Data-lake Roadmap

About US

Chaim Turkel
Israeli Tech Radar
4 min readSep 3, 2020

--

I am part of an Software Expert company called Tikal (https://www.tikalk.com/). Tikal is very special company. The heart of our agenda is to combine technology with people and companies. We are experts in the open source community in multiple disciplines (back-end [data engineers, distributed architects and more], front-end, mobile, dev-ops).

I would like to share with you some of our processes to achieve this.

Tech Radar

As a Group Leader in Tikal, there are two main prongs that we work with. The first is to monitor the market. We need to keep abreast of the latest innovations in the field, the status of the different open source projects that exists.

For this we have a circle of people called the “tech circle” that meets every few weeks to go over what is new in the market. In addition every quarter we update our public tech radar (have a look at: https://www.tikalk.com/community/radar/)

Personal Roadmap

The second prong is the personal advancement of each employee. What this means is that we sit with each person and tailor a plan for his personal roadmap based on his knowledge and moving tends of the market. The roadmap includes personal learning of new material and applying it in the field. After the learning phase, we believe that each person should contribute some of what he has learned back to the community. This can be done by various paths, which include internal / external lectures, meetups, workshops and more.

Group Roadmap

Our latest addition is the group roadmap. In this circle we see what areas of expertise are missing or lacking in our group as a whole.

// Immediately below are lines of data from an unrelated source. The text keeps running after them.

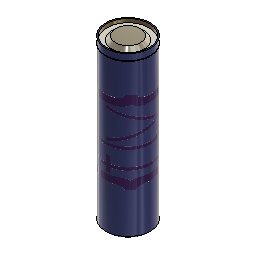
18650 (Autodesk Fusion 360 design; units mm, degrees)
Autodesk Fusion 360 part; units mm, degrees
sketch "Sketch1" plane through (0, 0, 0) normal (0, 1, 0) x (1, 0, 0)
  line L0 (4.9, 0) -> (4.9, -0.3)
  line L1 (4.9, -0.3) -> (5.1, -0.3)
  line L2 (5.1, -0.3) -> (5.1, 0)
  line L3 (0, 0) -> (4.9, 0)
  line L4 (5.1, 0) -> (8.3, 0)
  arc A0 (9, -0.7) -> (8.3, 0) centre (8.3, -0.7) ccw
  line L5 (9, -65) -> (8.5, -65)
  line L6 (8.5, -65) -> (8.5, -63.5)
  line L7 (8.5, -63.5) -> (6.5, -63.5)
  line L8 (6.5, -63.5) -> (5.0075, -64.9925)
  line L9 (5.0075, -64.9925) -> (0, -64.9925)
  line L10 (9, -62.5141) -> (8.5, -62.5141)
  line L11 (8.5, -62.5141) -> (8.5, -62.2467)
  line L12 (8.5, -62.2467) -> (9, -62.2467)
  line L13 (9, -0.7) -> (9, -62.2467)
  line L14 (9, -62.5141) -> (9, -65)
  line L15 (0, -64.9925) -> (0, 0)
  dimension "d11" = 9
  dimension "d12" = 0.7
  dimension "d13" = 0.3
  dimension "d14" = 135
  measures "d11" distance of L3.start
  measures "d12" radius of A0
  measures "d14" angle of L7 L8
revolve "Revolve1" add sketch "Sketch1" angle 360 about axis through (0, 0, 64.9925) along (0, 0, -1)
named bodies: "18650"
Autodesk Inventor part; units mm, degrees
note: some values were not read from the file. Chosen so that the rebuilt part matches the saved one: direction of "Hole2".
(part 2 of 20)
  ellipse E76 centre (-10075.27878, -10011.578305) end of major axis (-10075.513001, -10009.501471) minor radius 0.044517 (-10075.516592, -10009.569699) -> (-10075.486251, -10009.995005) ccw
  ellipse E77 centre (-10074.384652, -10011.477467) end of major axis (-10074.618874, -10009.400632) minor radius 0.044517 (-10074.622381, -10009.471498) -> (-10074.592437, -10009.890575) ccw
  ellipse E78 centre (-10060.476, -10009.908873) end of major axis (-10060.386346, -10010.703833) minor radius 0.01704 (-10060.484477, -10009.985098) -> (-10060.393632, -10010.678018) ccw
  line L94 (-10060.377876, -10010.91364) -> (-10060.484477, -10009.985098)
  ellipse E79 centre (-10059.482525, -10009.79683) end of major axis (-10059.426491, -10010.29368) minor radius 0.01065 (-10059.539194, -10009.3223) -> (-10059.42924, -10010.286086) ccw
  line L95 (-10062.350001, -10017.517567) -> (-10062.806719, -10017.467871)
  line L96 (-10060.454278, -10015.430074) -> (-10060.460552, -10016.580748)
  line L97 (-10059.880259, -10016.422198) -> (-10059.873105, -10015.110144)
  line L98 (-10059.873105, -10015.110144) -> (-10060.046355, -10015.004028)
  ellipse E80 centre (-10060.050028, -10015.677678) end of major axis (-10060.234317, -10014.96604) minor radius 0.371687 (-10060.442629, -10015.281983) -> (-10060.454278, -10015.430074) ccw
  ellipse E81 centre (-10060.050028, -10015.677678) end of major axis (-10060.234317, -10014.96604) minor radius 0.371687 (-10060.046355, -10015.004028) -> (-10060.05419, -10014.999356) ccw
  ellipse E82 centre (-10059.335003, -10016.824224) end of major axis (-10059.248465, -10016.028918) minor radius 0.273562 (-10059.101399, -10016.209395) -> (-10059.155812, -10016.093674) ccw
  line L99 (-10062.350001, -10020.512649) -> (-10062.806719, -10020.562345)
  ellipse E83 centre (-10060.025424, -10022.372531) end of major axis (-10059.932235, -10021.66476) minor radius 0.400382 (-10060.431835, -10022.539755) -> (-10059.992436, -10023.062247) ccw
  line L100 (-10060.063938, -10023.080853) -> (-10060.204432, -10023.096141)
  line L101 (-10060.476356, -10021.608916) -> (-10060.431835, -10022.539755)
  line L102 (-10059.992436, -10023.062247) -> (-10059.81826, -10022.990579)
  line L103 (-10059.81826, -10022.990579) -> (-10059.876504, -10021.77281)
  ellipse E84 centre (-10059.335003, -10021.369758) end of major axis (-10059.248465, -10022.165063) minor radius 0.273562 (-10059.155812, -10022.100307) -> (-10059.101399, -10021.984587) ccw
  ellipse E85 centre (-10061.469475, -10028.173067) end of major axis (-10061.55913, -10028.968027) minor radius 0.01704 (-10061.487267, -10028.178778) -> (-10061.56071, -10028.955341) ccw
  line L104 (-10061.487267, -10028.178778) -> (-10061.380198, -10027.227663)
  ellipse E86 centre (-10059.482525, -10028.397152) end of major axis (-10059.57218, -10029.192112) minor radius 0.01704 (-10059.407624, -10027.670855) -> (-10059.57111, -10029.119451) ccw
  line L105 (-10061.56497, -10026.585239) -> (-10062.078212, -10026.527356)
  ellipse E87 centre (-10075.27878, -10026.615677) end of major axis (-10075.513001, -10028.692511) minor radius 0.044517 (-10075.486251, -10028.198976) -> (-10075.513001, -10028.692511) ccw
  ellipse E88 centre (-10074.384652, -10026.716515) end of major axis (-10074.618874, -10028.793349) minor radius 0.044517 (-10074.592437, -10028.303407) -> (-10074.622381, -10028.722483) ccw
  line L106 (-10060.493792, -10028.290821) -> (-10060.380028, -10027.280229)
  ellipse E89 centre (-10060.476, -10028.285109) end of major axis (-10060.386346, -10027.490149) minor radius 0.01704 (-10060.393632, -10027.515964) -> (-10060.493792, -10028.290821) ccw
  ellipse E90 centre (-10059.482525, -10028.397152) end of major axis (-10059.538559, -10028.894002) minor radius 0.01065 (-10059.427694, -10027.953575) -> (-10059.528515, -10028.845931) ccw
  line L107 (-10061.48836, -10025.278009) -> (-10061.55116, -10026.262694)
  ellipse E91 centre (-10061.350908, -10025.73615) end of major axis (-10061.516786, -10026.518764) minor radius 0.120739 (-10061.55116, -10026.262694) -> (-10061.250304, -10025.840771) ccw
  line L108 (-10061.250304, -10025.840771) -> (-10060.901774, -10024.313165)
  line L109 (-10060.901774, -10024.313165) -> (-10059.934712, -10024.518137)
  ellipse E92 centre (-10059.416785, -10026.146094) end of major axis (-10059.582663, -10026.928708) minor radius 0.120739 (-10059.515377, -10026.862757) -> (-10059.215803, -10025.454922) ccw
  line L110 (-10061.508918, -10026.520431) -> (-10061.516786, -10026.518764)
  line L111 (-10060.925141, -10024.345935) -> (-10060.901774, -10024.313165)
  line L112 (-10060.901774, -10024.313165) -> (-10064.091636, -10023.637063)
  ellipse E93 centre (-10060.325762, -10024.379903) end of major axis (-10060.884685, -10023.567598) minor radius 0.235923 (-10060.180568, -10024.176282) -> (-10060.792125, -10023.567877) ccw
  line L113 (-10061.100929, -10023.500053) -> (-10067.010154, -10022.247573)
  line L114 (-10060.180568, -10024.176282) -> (-10059.934712, -10024.518137)
  line L115 (-10060.283242, -10026.045743) -> (-10059.934712, -10024.518137)
  line L116 (-10061.422518, -10013.14956) -> (-10061.856897, -10013.172389)
  line L117 (-10061.836081, -10012.326253) -> (-10061.553929, -10012.311424)
  line L118 (-10061.409576, -10013.39483) -> (-10061.492385, -10011.825491)
  ellipse E94 centre (-10061.492555, -10011.773328) end of major axis (-10061.534542, -10010.97443) minor radius 0.002573 (-10061.534542, -10010.97443) -> (-10061.492385, -10011.825491) ccw
  line L119 (-10061.36027, -10013.392238) -> (-10061.409576, -10013.39483)
  ellipse E95 centre (-10059.495322, -10011.66836) end of major axis (-10059.537309, -10010.869463) minor radius 0.002573 (-10059.510196, -10011.340621) -> (-10059.515377, -10011.331224) ccw
  line L120 (-10059.537309, -10010.869463) -> (-10061.534542, -10010.97443)
  line L121 (-10061.557698, -10012.065672) -> (-10061.853507, -10012.081219)
  line L122 (-10061.409576, -10013.39483) -> (-10063.048629, -10013.480972)
  ellipse E96 centre (-10059.495322, -10011.66836) end of major axis (-10059.521564, -10011.169049) minor radius 0.001608 (-10059.511461, -10011.338287) -> (-10059.514117, -10011.333468) ccw
  line L123 (-10061.607405, -10010.674865) -> (-10061.68528, -10010.670928)
  line L124 (-10061.783035, -10009.753857) -> (-10061.579243, -10009.76416)
  line L125 (-10061.615601, -10010.939927) -> (-10061.567206, -10009.374897)
  ellipse E97 centre (-10061.420853, -10009.294962) end of major axis (-10061.380459, -10008.495982) minor radius 0.142983 (-10061.380459, -10008.495982) -> (-10061.54092, -10009.012282) ccw
  line L126 (-10061.570957, -10010.942184) -> (-10061.615601, -10010.939927)
  ellipse E98 centre (-10059.455566, -10009.394321) end of major axis (-10059.415172, -10008.595341) minor radius 0.142983 (-10059.342552, -10008.734438) -> (-10059.57111, -10009.07453) ccw
  line L127 (-10059.415172, -10008.595341) -> (-10061.380459, -10008.495982)
  line L128 (-10061.571047, -10009.499098) -> (-10061.816602, -10009.486684)
  line L129 (-10061.615601, -10010.939927) -> (-10061.811814, -10010.930007)
  line L130 (-10063.391932, -10010.850121) -> (-10063.642743, -10010.837441)
  ellipse E99 centre (-10075.079596, -10008.604419) end of major axis (-10074.974067, -10006.517085) minor radius 0.373543 (-10074.974067, -10006.517085) -> (-10075.402988, -10007.952487) ccw
  ellipse E100 centre (-10074.195217, -10008.64913) end of major axis (-10074.089688, -10006.561796) minor radius 0.373543 (-10073.894561, -10006.951244) -> (-10074.51733, -10007.985402) ccw
  line L131 (-10074.974067, -10006.517085) -> (-10074.089688, -10006.561796)
  ellipse E101 centre (-10074.195217, -10008.64913) end of major axis (-10074.119478, -10007.151044) minor radius 0.268093 (-10074.014581, -10007.29359) -> (-10074.41067, -10009.869338) ccw
  ellipse E102 centre (-10059.455566, -10009.394321) end of major axis (-10059.43032, -10008.894959) minor radius 0.089364 (-10059.363417, -10009.208737) -> (-10059.544237, -10009.378772) ccw
  line L132 (-10059.898881, -10015.094356) -> (-10059.801569, -10014.609349)
  line L133 (-10059.801569, -10014.609349) -> (-10059.814039, -10014.600069)
  ellipse E103 centre (-10059.377353, -10016.449287) end of major axis (-10059.172257, -10015.676024) minor radius 0.142054 (-10059.155812, -10016.093674) -> (-10059.172257, -10015.676024) ccw
  line L134 (-10059.172257, -10015.676024) -> (-10059.875174, -10015.489586)
  line L135 (-10062.350001, -10019.545608) -> (-10062.806719, -10019.51725)
  line L136 (-10060.391402, -10027.491423) -> (-10060.332323, -10027.282736)
  ellipse E104 centre (-10060.305787, -10027.725657) end of major axis (-10060.527432, -10028.49434) minor radius 0.14613 (-10060.307433, -10027.284044) -> (-10060.393632, -10027.515964) ccw
  ellipse E105 centre (-10059.361099, -10027.998052) end of major axis (-10059.222572, -10027.517625) minor radius 0.091331 (-10059.227286, -10027.838895) -> (-10059.44944, -10027.974778) ccw
  ellipse E106 centre (-10059.361099, -10027.998052) end of major axis (-10059.139455, -10027.229369) minor radius 0.14613 (-10059.144207, -10027.729902) -> (-10059.407624, -10027.670855) ccw
  line L137 (-10059.139455, -10027.229369) -> (-10059.524741, -10027.118274)
  ellipse E107 centre (-10061.194651, -10025.032179) end of major axis (-10061.48409, -10025.777984) minor radius 0.002457 (-10061.46407, -10025.723867) -> (-10061.48409, -10025.777984) ccw
  ellipse E108 centre (-10061.194651, -10025.032179) end of major axis (-10060.905212, -10024.286374) minor radius 0.002457 (-10061.457945, -10025.707747) -> (-10061.458801, -10025.709998) ccw
  line L138 (-10060.660115, -10023.646866) -> (-10060.655933, -10023.636082)
  line L139 (-10060.655933, -10023.636082) -> (-10059.723681, -10023.997878)
  ellipse E109 centre (-10059.330147, -10025.755773) end of major axis (-10059.040708, -10025.009968) minor radius 0.002457 (-10059.21498, -10025.465271) -> (-10059.215803, -10025.454922) ccw
  line L140 (-10061.474672, -10025.781639) -> (-10061.48409, -10025.777984)
  line L141 (-10059.040708, -10025.009968) -> (-10059.965078, -10024.65123)
  line L142 (-10060.655933, -10023.636082) -> (-10060.696511, -10023.620334)
  line L143 (-10060.883309, -10023.547839) -> (-10065.815027, -10021.633895)
  ellipse E110 centre (-10059.984852, -10023.848112) end of major axis (-10060.377627, -10022.955787) minor radius 0.168714 (-10059.900944, -10023.626312) -> (-10060.345585, -10022.957249) ccw
  line L144 (-10060.345585, -10022.957249) -> (-10064.606408, -10021.303671)
  line L145 (-10059.900944, -10023.626312) -> (-10059.723681, -10023.997878)
  line L146 (-10059.723681, -10023.997878) -> (-10059.956311, -10024.612802)
  line L147 (-10059.947993, -10024.576347) -> (-10059.723681, -10023.997878)
  ellipse E111 centre (-10059.330147, -10025.755773) end of major axis (-10059.149248, -10025.289644) minor radius 0.001536 (-10059.215161, -10025.462782) -> (-10059.215594, -10025.457336) ccw
  line L148 (-10061.167264, -10013.708989) -> (-10061.411584, -10012.430812)
  ellipse E112 centre (-10061.419075, -10012.379718) end of major axis (-10061.569131, -10011.593917) minor radius 0.002231 (-10061.449697, -10012.231033) -> (-10061.411584, -10012.430812) ccw
  ellipse E113 centre (-10061.419075, -10012.379718) end of major axis (-10061.569131, -10011.593917) minor radius 0.002231 (-10061.569131, -10011.593917) -> (-10061.479166, -10012.076002) ccw
  line L149 (-10061.562628, -10011.592675) -> (-10061.569131, -10011.593917)
  line L150 (-10061.435333, -10010.969216) -> (-10061.540297, -10010.029174)
  ellipse E114 centre (-10074.188288, -10011.200402) end of major axis (-10074.334497, -10009.707545) minor radius 0.24157 (-10074.395592, -10009.772988) -> (-10074.425568, -10009.871079) ccw
  ellipse E115 centre (-10074.188288, -10011.200402) end of major axis (-10074.392006, -10009.120355) minor radius 0.336587 (-10074.468892, -10009.193821) -> (-10074.4718, -10009.199795) ccw
  ellipse E116 centre (-10059.45458, -10009.7574) end of major axis (-10059.405844, -10010.255019) minor radius 0.080523 (-10059.453007, -10010.190813) -> (-10059.427468, -10010.241126) ccw
  ellipse E117 centre (-10059.45458, -10009.7574) end of major axis (-10059.503316, -10009.259781) minor radius 0.080523 (-10059.517481, -10009.270082) -> (-10059.543695, -10009.384211) ccw
  ellipse E118 centre (-10061.390902, -10025.808057) end of major axis (-10061.238841, -10025.022641) minor radius 0.086818 (-10061.489391, -10025.861843) -> (-10061.564797, -10026.455678) ccw
  line L151 (-10061.489391, -10025.861843) -> (-10061.456687, -10025.683636)
  line L152 (-10061.230363, -10013.101701) -> (-10061.302045, -10012.860155)
  ellipse E119 centre (-10061.313455, -10012.81413) end of major axis (-10061.540932, -10012.047152) minor radius 0.002152 (-10061.359155, -10012.66747) -> (-10061.302045, -10012.860155) ccw
  ellipse E120 centre (-10061.313455, -10012.81413) end of major axis (-10061.540932, -10012.047152) minor radius 0.002152 (-10061.380234, -10012.596226) -> (-10061.379475, -10012.598795) ccw
  ellipse E121 centre (-10061.313455, -10012.81413) end of major axis (-10061.540932, -10012.047152) minor radius 0.002152 (-10061.540854, -10012.047696) -> (-10061.46729, -10012.301069) ccw
  line L153 (-10059.896065, -10014.082947) -> (-10060.229072, -10014.181713)
  line L154 (-10067.429747, -10016.109617) -> (-10067.426808, -10016.11971)
  line L155 (-10064.222927, -10015.366245) -> (-10067.081482, -10016.214061)
  line L156 (-10059.899344, -10014.071686) -> (-10059.896065, -10014.082947)
  line L157 (-10059.896065, -10014.082947) -> (-10059.936009, -10014.146629)
  line L158 (-10059.896065, -10014.082947) -> (-10059.964617, -10013.851948)
  line L159 (-10061.459654, -10010.510742) -> (-10061.463483, -10010.493181)
  ellipse E122 centre (-10061.347946, -10010.418573) end of major axis (-10061.510562, -10009.635275) minor radius 0.128538 (-10061.5089, -10010.257445) -> (-10061.463483, -10010.493181) ccw
  line L160 (-10060.361849, -10010.912798) -> (-10060.37563, -10010.849592)
  ellipse E123 centre (-10059.415142, -10010.017314) end of major axis (-10059.313507, -10010.506876) minor radius 0.080336 (-10059.449748, -10010.21676) -> (-10059.286923, -10010.372283) ccw
  ellipse E124 centre (-10061.442823, -10028.705225) end of major axis (-10061.437551, -10029.505207) minor radius 0.125799 (-10061.568714, -10028.685033) -> (-10061.437551, -10029.505207) ccw
  line L161 (-10061.568714, -10028.685033) -> (-10061.570469, -10027.970396)
  line L162 (-10061.572527, -10027.132339) -> (-10061.572581, -10027.110703)
  line L163 (-10061.572581, -10027.110703) -> (-10061.543326, -10027.110511)
  ellipse E125 centre (-10059.467748, -10028.69221) end of major axis (-10059.462476, -10029.492193) minor radius 0.125799 (-10059.587131, -10028.407305) -> (-10059.593638, -10028.672019) ccw
  line L164 (-10061.572581, -10027.110703) -> (-10062.110288, -10027.114246)
  line L165 (-10063.114705, -10027.120865) -> (-10063.630156, -10027.124262)
  ellipse E126 centre (-10075.169596, -10028.795676) end of major axis (-10075.155825, -10030.885631) minor radius 0.328649 (-10075.496217, -10028.957967) -> (-10075.432006, -10029.986721) ccw
  ellipse E127 centre (-10074.280812, -10028.789819) end of major axis (-10074.267041, -10030.879774) minor radius 0.328649 (-10074.605637, -10029.03444) -> (-10074.544121, -10029.973038) ccw
  ellipse E128 centre (-10074.280812, -10028.789819) end of major axis (-10074.270929, -10030.289787) minor radius 0.235872 (-10074.507534, -10028.313326) -> (-10074.258015, -10030.287447) ccw
  ellipse E129 centre (-10059.467748, -10028.69221) end of major axis (-10059.464453, -10029.192199) minor radius 0.078624 (-10059.5435, -10028.80781) -> (-10059.40237, -10028.987214) ccw
  ellipse E130 centre (-10061.482864, -10026.278951) end of major axis (-10061.550105, -10027.07612) minor radius 0.002201 (-10061.492125, -10026.362713) -> (-10061.550105, -10027.07612) ccw
  line L166 (-10061.541226, -10027.076869) -> (-10061.550105, -10027.07612)
  line L167 (-10061.167453, -10013.707999) -> (-10064.126659, -10014.257156)
  line L168 (-10061.039851, -10013.929143) -> (-10061.125614, -10013.703446)
  line L169 (-10061.039851, -10013.929143) -> (-10061.318639, -10012.381486)
  ellipse E131 centre (-10061.40265, -10012.352927) end of major axis (-10061.548618, -10011.566356) minor radius 0.077504 (-10061.318639, -10012.381486) -> (-10061.565476, -10011.725973) ccw
  ellipse E132 centre (-10061.40265, -10012.352927) end of major axis (-10061.256682, -10013.139497) minor radius 0.077504 (-10061.565389, -10011.727637) -> (-10061.565107, -10011.732865) ccw
  line L170 (-10061.565107, -10011.732865) -> (-10061.56265, -10011.777155)
  line L171 (-10061.005983, -10013.922858) -> (-10061.039851, -10013.929143)
  line L172 (-10061.514781, -10011.560077) -> (-10061.548618, -10011.566356)
  line L173 (-10061.039851, -10013.929143) -> (-10062.439649, -10014.188911)
  line L174 (-10061.532376, -10011.346389) -> (-10062.092453, -10011.401104)
  line L175 (-10061.413023, -10010.968043) -> (-10061.510032, -10010.0167)
  ellipse E133 centre (-10061.470111, -10009.953691) end of major axis (-10061.547894, -10009.157482) minor radius 0.045982 (-10061.559295, -10009.215401) -> (-10061.510032, -10010.0167) ccw
  line L176 (-10061.568174, -10011.600458) -> (-10062.079075, -10011.650368)
  ellipse E134 centre (-10075.281385, -10011.302921) end of major axis (-10075.484591, -10009.222823) minor radius 0.120129 (-10075.496217, -10009.236015) -> (-10075.502488, -10009.996902) ccw
  ellipse E135 centre (-10074.38713, -10011.215561) end of major axis (-10074.590335, -10009.135463) minor radius 0.120129 (-10074.605637, -10009.159541) -> (-10074.622833, -10009.404086) ccw
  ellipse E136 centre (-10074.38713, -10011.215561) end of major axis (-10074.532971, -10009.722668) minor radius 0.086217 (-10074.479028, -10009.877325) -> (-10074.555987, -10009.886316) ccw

The current area that we detected is data. We have data expertise in our group, but we felt that the knowledge has not infused itself within the group. Since data is a very big word and the field is very wide, we decided to focus the first quarter on the data-lake.

Data-Lake Roadmap

Similar to the personal roadmap, all group leaders within the back-end sat together to see in what areas we should focus our attention on. We then set to create different areas of learning.

The first step is to create a mind-map with the items that we feel should be covered. As you can see below this includes the ingestion phase, file formats storage structure issues and more.

Once we decided on the topics, we then find the appropriate people from within the group to do the teaching.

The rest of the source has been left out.